RECORDS FOR THIS TASK:
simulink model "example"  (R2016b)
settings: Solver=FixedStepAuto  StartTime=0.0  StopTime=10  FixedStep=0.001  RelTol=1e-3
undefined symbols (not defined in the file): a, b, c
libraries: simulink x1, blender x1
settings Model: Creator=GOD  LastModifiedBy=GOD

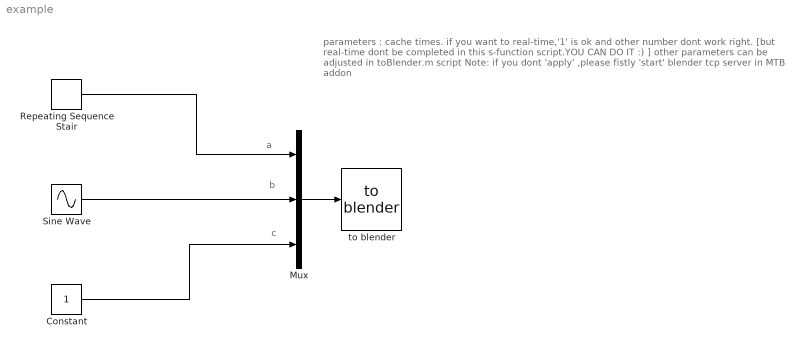
== system example ==
  note: parameters :
      | cache times. if you want to real-time,'1' is ok and other number dont work right.
      | [but real-time dont be completed in this s-function script.YOU CAN DO IT :) ]
      |
      | other parameters can be adjusted in toBlender.m script
      |
      | Note:
      | if you dont 'apply' ,please fistly 'start' blender tcp server in MTB addon
  note: c
  note: b
  note: a
  Constant : Constant
  Mux : Mux  Inputs=3
  Repeating Sequence Stair : simulink/Sources/Repeating Sequence Stair  OutValues=[3 1 4 2 1].'  tsamp=-1  OutMin=[]  OutMax=[]  OutDataTypeStr=double  OutputDataTypeScalingMode=double  OutDataType=fixdt(0,8)  ConRadixGroup=Best Precision: Vector-wise  OutScaling=2^-12
  Sine Wave : Sin  Frequency=10  SampleTime=0
  to blender : blender/to blender  host=127.0.0.1  port=20208  cachetimes=4  names=a,b,c
  wires:
  Sine Wave/1 -> Mux/2
  Repeating Sequence Stair/1 -> Mux/1
  Mux/1 -> to blender/1
  Constant/1 -> Mux/3

PROBLEM:
The reply should consist of the listing restated word for word, with its pictures removed.

ANSWER BOX:
simulink model "example"  (R2016b)
settings: Solver=FixedStepAuto  StartTime=0.0  StopTime=10  FixedStep=0.001  RelTol=1e-3
undefined symbols (not defined in the file): a, b, c
libraries: simulink x1, blender x1
settings Model: Creator=GOD  LastModifiedBy=GOD

== system example ==
  note: parameters :
      | cache times. if you want to real-time,'1' is ok and other number dont work right.
      | [but real-time dont be completed in this s-function script.YOU CAN DO IT :) ]
      |
      | other parameters can be adjusted in toBlender.m script
      |
      | Note:
      | if you dont 'apply' ,please fistly 'start' blender tcp server in MTB addon
  note: c
  note: b
  note: a
  Constant : Constant
  Mux : Mux  Inputs=3
  Repeating Sequence Stair : simulink/Sources/Repeating Sequence Stair  OutValues=[3 1 4 2 1].'  tsamp=-1  OutMin=[]  OutMax=[]  OutDataTypeStr=double  OutputDataTypeScalingMode=double  OutDataType=fixdt(0,8)  ConRadixGroup=Best Precision: Vector-wise  OutScaling=2^-12
  Sine Wave : Sin  Frequency=10  SampleTime=0
  to blender : blender/to blender  host=127.0.0.1  port=20208  cachetimes=4  names=a,b,c
  wires:
  Sine Wave/1 -> Mux/2
  Repeating Sequence Stair/1 -> Mux/1
  Mux/1 -> to blender/1
  Constant/1 -> Mux/3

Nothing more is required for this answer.